Thanks for the responses. If anybody else has ideas keep them coming. I do have a little time seeing the derby is not until the end of January for once I am not procrastinating. As for having time to get through all the heats I do not see that as a problem. One, this is a all day family event for our pack and last year had around 75 entries comprised of scouts,siblings and adults. I think there would be time. Somebody has to walk them back anyways and those cars just sit until the next round.


----------



## tooter (Feb 26, 2010)

Hi J, 

What could nix the idea is how steep the grade would be that you would be hauling the cars. Take the height of the run in inches and divide it by the length in inches to get a percentage. A typical engine can't handle much over about 6% grade.

Greg


----------



## jmalsa (Nov 9, 2010)

No grade involved just running straight track on floor next to pinewood derby track. The pinewood cars do not have to end up at the height of where they started. I have help that will get them off the train and into the staging area. Just thought this would be a cool addition for the whole experience.


----------



## T-Man (May 16, 2008)

You also have to keep the cars on the flatcars. Having wheels the easiest thing to do is attach a box. That way the car can roll around a little and you won't have any extra races.


----------



## tjcruiser (Jan 10, 2010)

A box could work, because each derby car -- by defintion -- has a max width and a max length. So, a standard-sized box would accommodate any derby car.
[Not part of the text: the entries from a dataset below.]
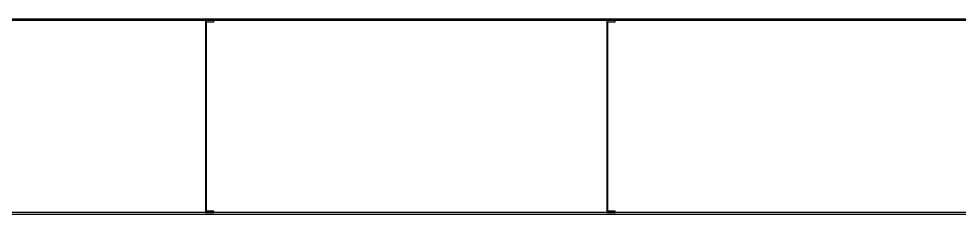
# Model space of a CAD drawing. Header units: millimetres. Extents: x 25083 to 52777, y 24772 to 45779.
# Drawn here: x 33569 to 36145, y 40039 to 40575 of the extents above; entities that cross this region are included whole.
import ezdxf

# ---------------------------------------------------------------- set-up
doc = ezdxf.new("R2010")
doc.units = ezdxf.units.MM

msp = doc.modelspace()

# ---------------------------------------------------------------- linework, layer by layer
at = {"color": 6}
for points in [[(30208.084, 40574.81), (40155.44, 40574.81)], [(40155.44, 40569.81), (30208.084, 40569.81)], [(40155.44, 40044.174), (30208.084, 40044.174)], [(30208.084, 40039.174), (40155.44, 40039.174)]]:
    msp.add_lwpolyline(points, dxfattribs=at)
for points in [[(34083.262, 40569.911), (34080.262, 40569.911), (34080.262, 40044.275), (34083.262, 40044.275), (34103.262, 40044.275), (34103.262, 40047.275), (34083.262, 40047.275), (34083.262, 40566.911), (34103.262, 40566.911), (34103.262, 40569.911)], [(35183.262, 40569.911), (35180.262, 40569.911), (35180.262, 40044.275), (35183.262, 40044.275), (35203.262, 40044.275), (35203.262, 40047.275), (35183.262, 40047.275), (35183.262, 40566.911), (35203.262, 40566.911), (35203.262, 40569.911)]]:
    msp.add_lwpolyline(points, close=True)

doc.saveas('drawing.dxf')
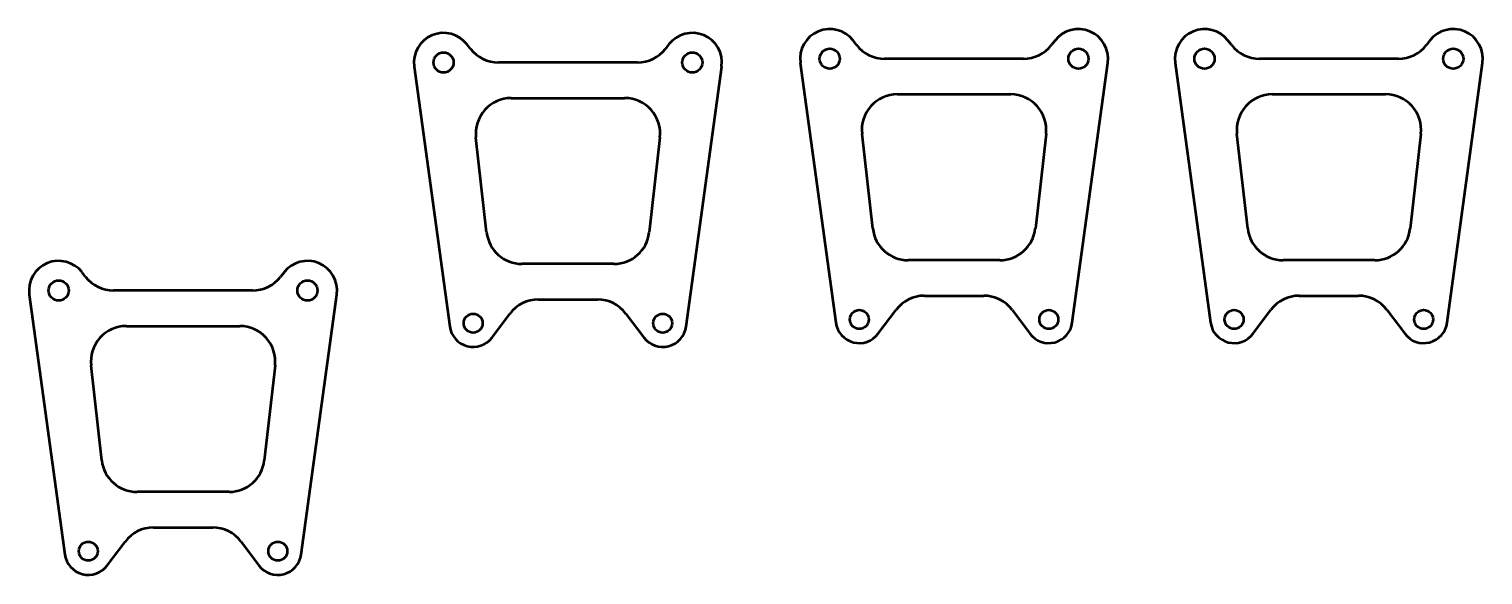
# Model space of a CAD drawing. Header units: millimetres. Extents: x 74 to 197, y 146 to 192.
import ezdxf

# ---------------------------------------------------------------- set-up
doc = ezdxf.new("R2010")
doc.units = ezdxf.units.MM
doc.layers.add('Visible (ISO)', color=7, linetype='Continuous', lineweight=50)

msp = doc.modelspace()

# ---------------------------------------------------------------- linework, layer by layer
at = {"layer": 'Visible (ISO)'}
for p, q in [((111.6, 190.33), (111.31, 190.71)), ((128.36, 190.71), (128.07, 190.33)), ((144.19, 190.65), (143.9, 191.03)), ((160.95, 191.03), (160.66, 190.65)), ((175.84, 190.65), (175.55, 191.03)), ((192.6, 191.03), (192.31, 190.65)), ((125.7, 189.17), (113.97, 189.17)), ((139.45, 189.15), (142.45, 167.22)), ((158.29, 189.49), (146.56, 189.49)), ((162.41, 167.22), (165.4, 189.15)), ((171.1, 189.15), (174.09, 167.22)), ((189.94, 189.49), (178.21, 189.49)), ((194.06, 167.22), (197.05, 189.15)), ((106.85, 188.84), (109.85, 166.9)), ((129.81, 166.9), (132.81, 188.84)), ((115.05, 186.17), (124.62, 186.17)), ((147.64, 186.49), (157.21, 186.49)), ((179.29, 186.49), (188.86, 186.49)), ((145.57, 175.15), (144.66, 183.15)), ((160.19, 183.15), (159.29, 175.15)), ((177.22, 175.15), (176.31, 183.15)), ((191.84, 183.15), (190.93, 175.15)), ((112.97, 174.84), (112.06, 182.84)), ((127.6, 182.84), (126.69, 174.84)), ((123.71, 172.17), (115.95, 172.17)), ((156.3, 172.49), (148.55, 172.49)), ((187.95, 172.49), (180.2, 172.49)), ((79.11, 171.09), (78.81, 171.46)), ((95.87, 171.46), (95.58, 171.09)), ((74.36, 169.59), (77.36, 147.66)), ((93.21, 169.93), (81.48, 169.93)), ((97.32, 147.66), (100.32, 169.59)), ((149.93, 169.49), (154.93, 169.49)), ((181.57, 169.49), (186.57, 169.49)), ((117.33, 169.17), (122.33, 169.17)), ((146.03, 166.29), (147.53, 168.29)), ((157.33, 168.29), (158.83, 166.29)), ((177.67, 166.29), (179.17, 168.29)), ((188.97, 168.29), (190.47, 166.29)), ((82.56, 166.93), (92.13, 166.93)), ((113.43, 165.97), (114.93, 167.97)), ((124.73, 167.97), (126.23, 165.97)), ((80.48, 155.59), (79.57, 163.59)), ((95.11, 163.59), (94.2, 155.59)), ((91.22, 152.93), (83.46, 152.93)), ((84.84, 149.93), (89.84, 149.93)), ((80.94, 146.73), (82.44, 148.73)), ((92.24, 148.73), (93.74, 146.73))]:
    msp.add_line(p, q, dxfattribs=at)
for centre, radius in [((141.93, 189.49), 0.85), ((162.93, 189.49), 0.85), ((173.57, 189.49), 0.85), ((194.57, 189.49), 0.85), ((109.33, 189.17), 0.85), ((130.33, 189.17), 0.85), ((76.84, 169.93), 0.85), ((97.84, 169.93), 0.85), ((144.43, 167.49), 0.8), ((160.43, 167.49), 0.8), ((176.07, 167.49), 0.8), ((192.07, 167.49), 0.8), ((111.83, 167.17), 0.8), ((127.83, 167.17), 0.8), ((79.34, 147.93), 0.8), ((95.34, 147.93), 0.8)]:
    msp.add_circle(centre, radius, dxfattribs=at)
for centre, radius, start, end in [((109.33, 189.17), 2.5, 37.8711, 187.777), ((130.33, 189.17), 2.5, 352.223, 142.1289), ((141.93, 189.49), 2.5, 37.8711, 187.777), ((162.93, 189.49), 2.5, 352.223, 142.1289), ((173.57, 189.49), 2.5, 37.8711, 187.777), ((194.57, 189.49), 2.5, 352.223, 142.1289), ((113.97, 192.17), 3, 217.8711, 270), ((125.7, 192.17), 3, 270, 322.1289), ((146.56, 192.49), 3, 217.8711, 270), ((158.29, 192.49), 3, 270, 322.1289), ((178.21, 192.49), 3, 217.8711, 270), ((189.94, 192.49), 3, 270, 322.1289), ((115.05, 183.17), 3, 90, 186.4831), ((124.62, 183.17), 3, 353.5169, 90), ((147.64, 183.49), 3, 90, 186.4831), ((157.21, 183.49), 3, 353.5169, 90), ((179.29, 183.49), 3, 90, 186.4831), ((188.86, 183.49), 3, 353.5169, 90), ((115.95, 175.17), 3, 186.4831, 270), ((123.71, 175.17), 3, 270, 353.5169), ((148.55, 175.49), 3, 186.4831, 270), ((156.3, 175.49), 3, 270, 353.5169), ((180.2, 175.49), 3, 186.4831, 270), ((187.95, 175.49), 3, 270, 353.5169), ((76.84, 169.93), 2.5, 37.8711, 187.777), ((97.84, 169.93), 2.5, 352.223, 142.1289), ((81.48, 172.93), 3, 217.8711, 270), ((93.21, 172.93), 3, 270, 322.1289), ((149.93, 166.49), 3, 90, 143.1301), ((154.93, 166.49), 3, 36.8699, 90), ((181.57, 166.49), 3, 90, 143.1301), ((186.57, 166.49), 3, 36.8699, 90), ((117.33, 166.17), 3, 90, 143.1301), ((122.33, 166.17), 3, 36.8699, 90), ((82.56, 163.93), 3, 90, 186.4831), ((92.13, 163.93), 3, 353.5169, 90), ((144.43, 167.49), 2, 187.777, 323.1301), ((160.43, 167.49), 2, 216.8699, 352.223), ((176.07, 167.49), 2, 187.777, 323.1301), ((192.07, 167.49), 2, 216.8699, 352.223), ((111.83, 167.17), 2, 187.777, 323.1301), ((127.83, 167.17), 2, 216.8699, 352.223), ((83.46, 155.93), 3, 186.4831, 270), ((91.22, 155.93), 3, 270, 353.5169), ((84.84, 146.93), 3, 90, 143.1301), ((89.84, 146.93), 3, 36.8699, 90), ((79.34, 147.93), 2, 187.777, 323.1301), ((95.34, 147.93), 2, 216.8699, 352.223)]:
    msp.add_arc(centre, radius, start, end, dxfattribs=at)

doc.saveas('drawing.dxf')

If you go with a simple "old school" (non DCC) approach, whether it's O or HO, you should plan on running power leads (wires) from the transformer to the track at 2 or 3 intervals along its 40' length. This will help reduce/avoid resistance loss in the track itself, and eliminate "slow zones" along the track.

Also, I would suggest that the first 2' and last 2' of the full "runway" of track be connected with INSULATED pins, only. That way, as the train is running down the track, it will loose power and automatically stop in those 2' "dead zones" without derailing ... if somebody didn't remember to stop it prior to the dead zone via the transformer. Call it "safety zones" or something. You wouldn't normally want the train to go quite that far, but if it did, it would stop by itself, and then you'd give it a little push back to the "hot" zone.

My two cents ...

Good luck,

TJ


----------



## Reckers (Oct 11, 2009)

Nice idea, Teej.:thumbsup::thumbsup::thumbsup:


----------



## tooter (Feb 26, 2010)

jmalsa said:


> No grade involved just running straight track on floor next to pinewood derby track. The pinewood cars do not have to end up at the height of where they started. I have help that will get them off the train and into the staging area. Just thought this would be a cool addition for the whole experience.


Ok... I get it now. 

The track elevation is built up, and the floor is flat. I made the faulty assumption that it was outside on a built in slope. Heck, *any* train can haul those cars! :thumbsup:

Be sure to take some video or pics of the race and the train setup if you decide to do it.

Greg


----------